CSU-Chef Markus Söder hat bei der Winterklausur der CSU-Landtagsfraktion im Kloster Banz eine Zusammenlegung deutscher Bundesländer gefordert. Ziel seien weniger, aber größere Länder, um die Leistungsfähigkeit und Effizienz zu steigern. Einige kleinere Bundesländer seien laut Söder kaum noch lebensfähig und würden von finanzstarken Ländern wie Bayern mitgetragen.
Fakt ist: Die Hälfte aller 16 Länder hat weniger als drei Millionen Einwohner: Bremen, das Saarland, Mecklenburg-Vorpommern, Hamburg, Thüringen, Sachsen-Anhalt, Brandenburg und Schleswig-Holstein.
Er sprach sich zudem für ein Ende der Doppelstrukturen zwischen Berlin und Bonn aus, da diese unnötig Geld kosteten.
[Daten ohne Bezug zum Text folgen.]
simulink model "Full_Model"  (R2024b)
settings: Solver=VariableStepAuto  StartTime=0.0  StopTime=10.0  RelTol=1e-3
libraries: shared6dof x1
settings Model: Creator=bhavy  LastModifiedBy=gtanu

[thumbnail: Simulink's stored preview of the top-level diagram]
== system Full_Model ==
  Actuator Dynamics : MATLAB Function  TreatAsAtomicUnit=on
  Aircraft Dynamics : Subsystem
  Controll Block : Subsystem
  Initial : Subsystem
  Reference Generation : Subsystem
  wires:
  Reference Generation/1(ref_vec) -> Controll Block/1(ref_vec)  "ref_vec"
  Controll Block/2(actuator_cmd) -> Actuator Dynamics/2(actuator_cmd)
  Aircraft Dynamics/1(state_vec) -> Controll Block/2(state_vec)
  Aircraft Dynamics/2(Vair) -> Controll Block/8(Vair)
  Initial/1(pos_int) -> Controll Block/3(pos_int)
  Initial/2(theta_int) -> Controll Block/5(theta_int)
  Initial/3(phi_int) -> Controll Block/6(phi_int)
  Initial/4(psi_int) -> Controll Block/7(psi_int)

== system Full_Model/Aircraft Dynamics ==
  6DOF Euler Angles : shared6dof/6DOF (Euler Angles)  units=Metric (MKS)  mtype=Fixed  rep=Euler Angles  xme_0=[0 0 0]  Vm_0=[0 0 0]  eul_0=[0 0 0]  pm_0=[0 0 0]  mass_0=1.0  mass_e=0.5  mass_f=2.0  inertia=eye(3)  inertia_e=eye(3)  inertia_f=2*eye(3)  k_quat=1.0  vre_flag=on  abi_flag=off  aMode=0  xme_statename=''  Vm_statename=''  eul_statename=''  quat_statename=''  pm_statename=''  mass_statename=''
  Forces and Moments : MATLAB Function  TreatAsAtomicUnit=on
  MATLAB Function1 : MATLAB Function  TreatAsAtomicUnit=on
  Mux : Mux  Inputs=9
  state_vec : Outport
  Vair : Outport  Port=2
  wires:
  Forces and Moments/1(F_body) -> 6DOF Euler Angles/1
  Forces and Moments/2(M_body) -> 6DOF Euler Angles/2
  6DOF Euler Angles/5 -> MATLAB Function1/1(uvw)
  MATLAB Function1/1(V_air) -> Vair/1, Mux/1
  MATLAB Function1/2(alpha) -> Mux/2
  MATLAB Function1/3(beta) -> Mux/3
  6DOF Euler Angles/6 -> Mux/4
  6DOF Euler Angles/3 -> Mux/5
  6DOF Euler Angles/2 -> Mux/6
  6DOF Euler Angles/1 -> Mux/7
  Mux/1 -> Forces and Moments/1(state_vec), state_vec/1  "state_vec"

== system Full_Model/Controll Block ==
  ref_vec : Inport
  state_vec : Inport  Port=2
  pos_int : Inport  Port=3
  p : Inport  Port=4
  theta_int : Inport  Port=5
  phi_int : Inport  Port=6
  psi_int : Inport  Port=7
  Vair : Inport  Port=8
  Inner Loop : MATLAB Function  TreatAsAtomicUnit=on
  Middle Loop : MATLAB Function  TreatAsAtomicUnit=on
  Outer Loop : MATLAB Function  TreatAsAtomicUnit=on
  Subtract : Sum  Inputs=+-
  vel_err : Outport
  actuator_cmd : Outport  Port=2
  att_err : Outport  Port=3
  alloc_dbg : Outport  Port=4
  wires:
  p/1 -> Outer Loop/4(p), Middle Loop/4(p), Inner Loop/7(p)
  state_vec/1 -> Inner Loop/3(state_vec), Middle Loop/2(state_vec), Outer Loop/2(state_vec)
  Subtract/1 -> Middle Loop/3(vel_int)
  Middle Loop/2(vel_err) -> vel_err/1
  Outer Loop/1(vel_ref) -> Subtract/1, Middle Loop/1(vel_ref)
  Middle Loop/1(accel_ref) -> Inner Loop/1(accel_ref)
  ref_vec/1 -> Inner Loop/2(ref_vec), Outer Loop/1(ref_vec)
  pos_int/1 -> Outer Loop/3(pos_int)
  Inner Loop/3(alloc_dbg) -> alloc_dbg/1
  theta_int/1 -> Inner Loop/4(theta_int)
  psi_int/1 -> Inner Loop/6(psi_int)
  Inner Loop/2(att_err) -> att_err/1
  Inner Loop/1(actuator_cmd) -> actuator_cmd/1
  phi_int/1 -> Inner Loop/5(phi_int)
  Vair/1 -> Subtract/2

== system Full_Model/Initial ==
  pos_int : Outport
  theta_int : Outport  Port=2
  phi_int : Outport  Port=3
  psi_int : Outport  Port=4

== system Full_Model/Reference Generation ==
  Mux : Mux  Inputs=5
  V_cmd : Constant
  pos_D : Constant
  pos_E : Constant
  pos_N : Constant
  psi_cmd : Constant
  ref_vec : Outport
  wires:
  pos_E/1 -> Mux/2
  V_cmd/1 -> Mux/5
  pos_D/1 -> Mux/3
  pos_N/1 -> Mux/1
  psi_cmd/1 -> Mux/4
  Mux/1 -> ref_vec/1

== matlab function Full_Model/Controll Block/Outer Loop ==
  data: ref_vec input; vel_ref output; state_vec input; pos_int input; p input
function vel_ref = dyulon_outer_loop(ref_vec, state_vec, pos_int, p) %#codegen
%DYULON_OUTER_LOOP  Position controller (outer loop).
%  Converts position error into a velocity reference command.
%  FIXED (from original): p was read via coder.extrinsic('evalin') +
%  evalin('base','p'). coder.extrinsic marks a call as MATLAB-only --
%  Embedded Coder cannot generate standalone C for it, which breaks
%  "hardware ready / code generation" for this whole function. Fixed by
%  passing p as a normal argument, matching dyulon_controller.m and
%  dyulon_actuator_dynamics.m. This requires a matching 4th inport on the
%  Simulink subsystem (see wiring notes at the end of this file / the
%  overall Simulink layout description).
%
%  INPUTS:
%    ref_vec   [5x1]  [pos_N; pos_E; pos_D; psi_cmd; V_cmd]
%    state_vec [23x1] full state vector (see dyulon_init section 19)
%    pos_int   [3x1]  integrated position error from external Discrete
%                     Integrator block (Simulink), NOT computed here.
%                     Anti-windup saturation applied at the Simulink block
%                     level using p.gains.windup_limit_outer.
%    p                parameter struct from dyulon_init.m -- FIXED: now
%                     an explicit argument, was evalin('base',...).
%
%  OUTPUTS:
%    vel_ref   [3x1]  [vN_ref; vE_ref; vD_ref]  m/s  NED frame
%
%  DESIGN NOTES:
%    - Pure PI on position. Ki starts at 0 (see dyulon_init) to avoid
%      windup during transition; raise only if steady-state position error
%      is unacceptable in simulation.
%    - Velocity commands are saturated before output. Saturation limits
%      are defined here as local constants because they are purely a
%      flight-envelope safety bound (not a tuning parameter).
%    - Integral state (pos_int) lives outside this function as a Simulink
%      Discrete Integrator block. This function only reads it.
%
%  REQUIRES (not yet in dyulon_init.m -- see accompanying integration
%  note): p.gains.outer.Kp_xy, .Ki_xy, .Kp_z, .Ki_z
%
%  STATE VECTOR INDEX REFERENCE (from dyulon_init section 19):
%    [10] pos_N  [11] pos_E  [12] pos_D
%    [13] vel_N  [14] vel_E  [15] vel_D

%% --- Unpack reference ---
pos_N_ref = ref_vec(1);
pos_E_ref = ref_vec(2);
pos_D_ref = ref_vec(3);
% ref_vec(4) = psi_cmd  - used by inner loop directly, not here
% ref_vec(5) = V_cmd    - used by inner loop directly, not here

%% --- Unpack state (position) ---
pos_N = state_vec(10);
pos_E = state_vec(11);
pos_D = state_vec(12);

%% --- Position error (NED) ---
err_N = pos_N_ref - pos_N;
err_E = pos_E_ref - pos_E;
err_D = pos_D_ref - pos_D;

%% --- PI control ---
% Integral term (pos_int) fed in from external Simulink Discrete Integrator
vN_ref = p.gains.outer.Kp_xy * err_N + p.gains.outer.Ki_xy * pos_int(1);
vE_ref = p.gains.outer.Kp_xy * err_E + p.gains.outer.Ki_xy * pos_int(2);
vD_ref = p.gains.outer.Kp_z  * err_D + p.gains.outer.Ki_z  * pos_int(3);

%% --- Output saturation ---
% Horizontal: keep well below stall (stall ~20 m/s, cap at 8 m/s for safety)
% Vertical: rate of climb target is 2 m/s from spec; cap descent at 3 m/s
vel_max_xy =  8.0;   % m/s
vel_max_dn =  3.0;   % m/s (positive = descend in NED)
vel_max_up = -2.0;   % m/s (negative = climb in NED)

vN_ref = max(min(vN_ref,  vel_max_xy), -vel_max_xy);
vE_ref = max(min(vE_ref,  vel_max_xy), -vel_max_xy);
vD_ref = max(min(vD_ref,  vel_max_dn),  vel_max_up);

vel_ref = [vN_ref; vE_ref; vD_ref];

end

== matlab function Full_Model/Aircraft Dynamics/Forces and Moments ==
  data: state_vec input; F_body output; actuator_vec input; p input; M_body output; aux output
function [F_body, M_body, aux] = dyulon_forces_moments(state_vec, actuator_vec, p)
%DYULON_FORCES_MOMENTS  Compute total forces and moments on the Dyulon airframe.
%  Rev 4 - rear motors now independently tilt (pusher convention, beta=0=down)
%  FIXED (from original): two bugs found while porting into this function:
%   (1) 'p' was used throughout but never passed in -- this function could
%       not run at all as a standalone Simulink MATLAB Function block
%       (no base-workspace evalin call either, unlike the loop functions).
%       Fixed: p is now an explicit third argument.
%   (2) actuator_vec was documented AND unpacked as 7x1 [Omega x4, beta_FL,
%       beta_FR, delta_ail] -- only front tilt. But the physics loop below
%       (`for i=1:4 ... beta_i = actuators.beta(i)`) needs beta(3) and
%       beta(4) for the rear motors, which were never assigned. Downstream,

Welche Länder konkret fusionieren sollten, ließ Söder offen – in der Vergangenheit hatte er aber Bremen und das Saarland als mögliche Kandidaten genannt.
Die saarländische Ministerpräsidentin Anke Rehlinger (SPD) reagierte mit Spott und Ironie und erinnerte daran, dass Bayern selbst lange Zeit ein Nehmerland im Finanzausgleich war.
Eine Neugliederung der Länder gilt als politisch und rechtlich schwierig, da sie sowohl ein Bundesgesetz als auch Volksentscheide in den betroffenen Ländern erfordert. Ein ähnlicher Versuch scheiterte 1996 zwischen Berlin und Brandenburg.
Söder kritisierte außerdem den Länderfinanzausgleich, den er in seiner jetzigen Form für nicht zukunftsfähig hält, und plädierte dafür, die Bundesministerien ausschließlich in Berlin oder gegebenenfalls im Osten Deutschlands anzusiedeln.